Indian IT powerhouses must be bold in the cloud

The dominance of Indian offshore IT service providers is under threat unless they can make the right investments in cloud computing.

The dominance of Indian offshore IT service providers is under threat unless they can make the right investments in cloud computing.

Indian suppliers have fared better than most during the economic downturn. They have had the misfortune of having to settle for single digit growth rather than the double digit growth of their decade of existence. But unlike some of their western competitors, they have not had to cut costs to balance the books.

Robert Morgan, director at Hamilton Bailey which advises suppliers, says the big Indian players have got plenty of cash but what they do with it now could determine their future. They have to get their cloud computing strategies right if they are to continue to prosper.

"They can sit on it and ride out the recession or be bold and buy someone," he added. "They could buy a network provider to extend their range into cloud computing."

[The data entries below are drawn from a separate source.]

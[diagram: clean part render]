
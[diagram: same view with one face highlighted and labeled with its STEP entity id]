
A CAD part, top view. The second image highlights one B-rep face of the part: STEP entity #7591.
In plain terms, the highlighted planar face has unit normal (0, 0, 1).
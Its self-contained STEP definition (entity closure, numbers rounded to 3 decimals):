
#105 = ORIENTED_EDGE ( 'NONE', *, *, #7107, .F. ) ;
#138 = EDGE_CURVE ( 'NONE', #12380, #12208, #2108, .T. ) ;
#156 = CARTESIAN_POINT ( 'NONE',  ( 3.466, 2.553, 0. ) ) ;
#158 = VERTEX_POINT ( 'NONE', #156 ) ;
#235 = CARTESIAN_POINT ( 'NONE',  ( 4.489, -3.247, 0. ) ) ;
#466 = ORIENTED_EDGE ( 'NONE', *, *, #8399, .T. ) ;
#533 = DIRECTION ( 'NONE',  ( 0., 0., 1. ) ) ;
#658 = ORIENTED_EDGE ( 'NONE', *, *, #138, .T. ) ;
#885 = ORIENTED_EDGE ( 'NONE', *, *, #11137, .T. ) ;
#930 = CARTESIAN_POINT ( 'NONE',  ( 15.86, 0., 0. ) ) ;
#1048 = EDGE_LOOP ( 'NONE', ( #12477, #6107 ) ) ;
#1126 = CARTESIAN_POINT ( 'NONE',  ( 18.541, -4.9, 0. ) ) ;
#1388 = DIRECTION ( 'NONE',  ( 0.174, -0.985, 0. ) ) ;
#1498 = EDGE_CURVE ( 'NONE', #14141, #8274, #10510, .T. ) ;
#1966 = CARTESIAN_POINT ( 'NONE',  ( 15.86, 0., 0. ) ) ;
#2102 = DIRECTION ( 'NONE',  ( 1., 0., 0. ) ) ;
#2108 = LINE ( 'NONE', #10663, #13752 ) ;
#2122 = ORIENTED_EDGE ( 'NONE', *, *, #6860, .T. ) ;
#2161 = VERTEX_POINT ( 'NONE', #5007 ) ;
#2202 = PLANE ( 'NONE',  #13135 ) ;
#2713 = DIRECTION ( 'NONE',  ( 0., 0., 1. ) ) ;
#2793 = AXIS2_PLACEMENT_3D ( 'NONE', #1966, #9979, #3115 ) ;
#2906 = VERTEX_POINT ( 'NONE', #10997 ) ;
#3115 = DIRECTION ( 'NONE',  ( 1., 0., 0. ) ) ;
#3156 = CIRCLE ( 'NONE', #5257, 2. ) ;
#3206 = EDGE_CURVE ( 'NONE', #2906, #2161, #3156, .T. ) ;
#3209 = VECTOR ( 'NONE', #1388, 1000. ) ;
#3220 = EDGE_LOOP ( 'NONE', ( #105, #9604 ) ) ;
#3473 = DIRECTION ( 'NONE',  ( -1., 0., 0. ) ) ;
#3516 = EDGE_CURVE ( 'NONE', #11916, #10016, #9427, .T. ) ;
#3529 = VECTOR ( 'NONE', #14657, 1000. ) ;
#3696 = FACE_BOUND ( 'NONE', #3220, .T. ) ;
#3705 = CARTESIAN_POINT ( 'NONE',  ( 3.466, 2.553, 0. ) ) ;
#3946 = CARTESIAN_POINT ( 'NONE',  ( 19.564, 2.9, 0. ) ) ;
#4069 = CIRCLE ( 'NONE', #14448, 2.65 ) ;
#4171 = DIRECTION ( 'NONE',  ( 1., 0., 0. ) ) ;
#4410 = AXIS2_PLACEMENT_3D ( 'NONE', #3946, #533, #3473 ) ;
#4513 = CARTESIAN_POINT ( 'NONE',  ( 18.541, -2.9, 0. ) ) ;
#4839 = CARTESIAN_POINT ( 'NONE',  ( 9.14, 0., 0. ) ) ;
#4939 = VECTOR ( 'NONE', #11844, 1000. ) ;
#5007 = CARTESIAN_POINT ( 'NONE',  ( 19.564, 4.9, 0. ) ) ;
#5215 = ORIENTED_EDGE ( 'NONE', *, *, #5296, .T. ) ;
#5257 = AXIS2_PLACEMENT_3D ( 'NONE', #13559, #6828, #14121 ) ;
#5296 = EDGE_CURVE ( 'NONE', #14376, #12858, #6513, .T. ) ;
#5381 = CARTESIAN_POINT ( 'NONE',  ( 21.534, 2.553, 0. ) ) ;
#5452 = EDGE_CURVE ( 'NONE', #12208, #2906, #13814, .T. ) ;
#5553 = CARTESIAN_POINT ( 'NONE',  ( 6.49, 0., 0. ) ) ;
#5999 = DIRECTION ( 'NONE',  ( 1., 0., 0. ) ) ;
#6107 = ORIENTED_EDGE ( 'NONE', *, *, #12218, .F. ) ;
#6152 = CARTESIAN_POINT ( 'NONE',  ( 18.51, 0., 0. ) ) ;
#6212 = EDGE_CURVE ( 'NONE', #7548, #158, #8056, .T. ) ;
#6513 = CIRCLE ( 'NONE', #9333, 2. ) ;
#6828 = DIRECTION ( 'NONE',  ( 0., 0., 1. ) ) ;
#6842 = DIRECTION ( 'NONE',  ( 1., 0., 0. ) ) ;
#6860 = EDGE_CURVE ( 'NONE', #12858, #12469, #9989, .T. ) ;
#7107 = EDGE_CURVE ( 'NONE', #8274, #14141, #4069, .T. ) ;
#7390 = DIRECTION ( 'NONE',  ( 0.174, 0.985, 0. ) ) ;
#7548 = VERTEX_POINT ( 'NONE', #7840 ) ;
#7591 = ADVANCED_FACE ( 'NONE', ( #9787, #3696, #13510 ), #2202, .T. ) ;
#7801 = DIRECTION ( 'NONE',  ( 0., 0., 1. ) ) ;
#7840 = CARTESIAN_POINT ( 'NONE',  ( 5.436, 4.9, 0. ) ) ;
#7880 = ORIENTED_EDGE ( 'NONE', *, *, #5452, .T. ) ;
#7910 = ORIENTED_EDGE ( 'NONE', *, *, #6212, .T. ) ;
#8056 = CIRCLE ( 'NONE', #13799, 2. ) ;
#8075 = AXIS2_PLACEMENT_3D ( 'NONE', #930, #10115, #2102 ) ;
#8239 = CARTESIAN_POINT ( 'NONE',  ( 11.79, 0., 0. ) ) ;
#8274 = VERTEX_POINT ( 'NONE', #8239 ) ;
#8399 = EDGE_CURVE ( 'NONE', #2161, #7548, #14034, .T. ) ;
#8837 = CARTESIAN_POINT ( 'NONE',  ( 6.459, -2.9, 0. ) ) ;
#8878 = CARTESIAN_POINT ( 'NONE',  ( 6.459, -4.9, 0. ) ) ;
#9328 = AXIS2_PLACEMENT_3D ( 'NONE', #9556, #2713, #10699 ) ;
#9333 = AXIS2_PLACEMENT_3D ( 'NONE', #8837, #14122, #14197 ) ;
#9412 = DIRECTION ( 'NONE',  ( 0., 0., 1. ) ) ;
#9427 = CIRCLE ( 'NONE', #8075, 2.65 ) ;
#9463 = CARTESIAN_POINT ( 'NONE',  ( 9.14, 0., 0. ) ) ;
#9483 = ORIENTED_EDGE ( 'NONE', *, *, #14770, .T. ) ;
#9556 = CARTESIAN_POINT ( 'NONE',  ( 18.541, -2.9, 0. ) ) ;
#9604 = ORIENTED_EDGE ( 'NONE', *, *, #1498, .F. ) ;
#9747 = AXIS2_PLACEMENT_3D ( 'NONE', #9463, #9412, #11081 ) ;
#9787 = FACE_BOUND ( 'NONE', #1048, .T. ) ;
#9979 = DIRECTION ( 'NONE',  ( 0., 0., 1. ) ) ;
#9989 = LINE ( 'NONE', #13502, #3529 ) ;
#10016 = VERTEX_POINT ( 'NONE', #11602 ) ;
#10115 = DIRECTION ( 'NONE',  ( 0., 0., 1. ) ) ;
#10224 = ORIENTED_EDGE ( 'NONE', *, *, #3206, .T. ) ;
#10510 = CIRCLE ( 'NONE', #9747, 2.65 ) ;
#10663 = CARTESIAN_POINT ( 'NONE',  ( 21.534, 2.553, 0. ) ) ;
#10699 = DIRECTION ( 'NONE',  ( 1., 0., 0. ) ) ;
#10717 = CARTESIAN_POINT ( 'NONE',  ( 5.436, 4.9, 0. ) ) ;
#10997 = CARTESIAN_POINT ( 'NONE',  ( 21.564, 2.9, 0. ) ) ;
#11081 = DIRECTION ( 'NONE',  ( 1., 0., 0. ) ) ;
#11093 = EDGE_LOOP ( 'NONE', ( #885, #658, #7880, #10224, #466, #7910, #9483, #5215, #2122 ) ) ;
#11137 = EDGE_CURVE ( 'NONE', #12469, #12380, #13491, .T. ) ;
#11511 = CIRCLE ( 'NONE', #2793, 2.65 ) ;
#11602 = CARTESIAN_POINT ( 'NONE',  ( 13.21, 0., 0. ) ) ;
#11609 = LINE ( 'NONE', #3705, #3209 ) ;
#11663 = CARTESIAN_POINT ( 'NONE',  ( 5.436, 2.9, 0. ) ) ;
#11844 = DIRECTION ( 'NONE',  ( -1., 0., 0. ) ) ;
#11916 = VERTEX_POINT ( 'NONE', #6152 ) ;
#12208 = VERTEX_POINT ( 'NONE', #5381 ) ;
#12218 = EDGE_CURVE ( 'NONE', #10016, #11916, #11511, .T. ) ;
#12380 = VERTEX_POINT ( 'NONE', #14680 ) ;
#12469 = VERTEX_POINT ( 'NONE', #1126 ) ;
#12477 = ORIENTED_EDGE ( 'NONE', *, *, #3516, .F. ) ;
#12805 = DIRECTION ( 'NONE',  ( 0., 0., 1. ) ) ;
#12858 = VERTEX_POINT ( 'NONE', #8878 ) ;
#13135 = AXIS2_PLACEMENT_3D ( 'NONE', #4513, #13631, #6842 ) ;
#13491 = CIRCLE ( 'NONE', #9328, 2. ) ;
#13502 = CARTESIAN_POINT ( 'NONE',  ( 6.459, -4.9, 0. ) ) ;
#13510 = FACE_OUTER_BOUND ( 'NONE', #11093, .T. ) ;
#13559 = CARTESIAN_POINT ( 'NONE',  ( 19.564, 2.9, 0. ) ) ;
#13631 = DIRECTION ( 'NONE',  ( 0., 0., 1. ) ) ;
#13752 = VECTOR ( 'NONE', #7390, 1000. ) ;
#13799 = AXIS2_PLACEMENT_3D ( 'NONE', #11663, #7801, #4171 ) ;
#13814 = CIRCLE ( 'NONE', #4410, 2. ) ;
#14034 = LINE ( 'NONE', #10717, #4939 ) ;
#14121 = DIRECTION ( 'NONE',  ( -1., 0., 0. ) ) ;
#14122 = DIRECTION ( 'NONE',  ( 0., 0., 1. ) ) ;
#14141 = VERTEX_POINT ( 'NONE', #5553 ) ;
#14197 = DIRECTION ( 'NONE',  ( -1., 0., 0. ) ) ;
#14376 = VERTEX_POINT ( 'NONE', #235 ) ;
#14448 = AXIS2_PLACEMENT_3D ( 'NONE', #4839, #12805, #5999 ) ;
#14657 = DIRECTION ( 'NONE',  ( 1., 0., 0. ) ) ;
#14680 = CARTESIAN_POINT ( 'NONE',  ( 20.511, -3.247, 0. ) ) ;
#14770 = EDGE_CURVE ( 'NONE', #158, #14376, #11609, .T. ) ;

Threats will come from new players who want to deliver services through the cloud, but if Indian companies make the right investments now, they can sustain their presence.

Indian supplier Mahindra Satyam has a cloud computing strategy, but the $1bn fraud that hit the company earlier this year has made it less of a priority.

"We were one of the first to adopt and build service offerings around cloud computing and SaaS. The events of January 2009 have relegated our efforts to the background and so it is a case of when we re-start this," said a spokesperson.

The spokesperson did not rule out acquisitions. "We believe this is an important area of focus in our growth strategy and we will consider all options to supplement our capabilities in this segment."

India's biggest offshore IT service provider Tata Consultancy Services (TCS) is piloting a cloud computing service in India. It is being tried out among Indian SMEs but the concept can be transferred to other regions and up to corporate level if the demand is there. One project is a core banking system in the cloud aimed at small banks.

"We are providing services ranging from e-mail and networking right up to applications such as HR and finance," said Pradipta Bagchi, head of global communications at TCS. "All of this is charged on a per-use basis."

Subhash Dhar, senior vice-president at Infosys, heads up the company's Communications Service Providers business unit. He says cloud computing is certainly an emerging space for Infosys.

"Acceptance of virtualised computing infrastructure and applications are on the rise as clients struggle to do more with less. However, we see a bigger opportunity in platform-based services where enterprises can transfer their technology risk to us and consume services on demand."

He said this model comprises good services which are highly commoditised where it makes sense to share costs with others and for services which are emerging.

"For these there is not a strong business case yet for investment in technology and process infrastructure."

He said Infosys has launched four cloud services platforms and has more in development.

Matt Havens, director at Indian supplier Cognizant Business Consultancy, says the company is also building cloud computing platforms. "We offer BPO services and these platforms will make it possible to deliver these services via the cloud."

He says all system integration companies will have to change. "Companies in this space make money from implementation and maintenance of software. There are companies that will have to find new ways to make money and cloud computing is a way to do so."

Bindi Bhullar, head of marketing and alliances, Europe at Indian Supplier, said it will be surprising if any serious IT company does not have a cloud computing strategy.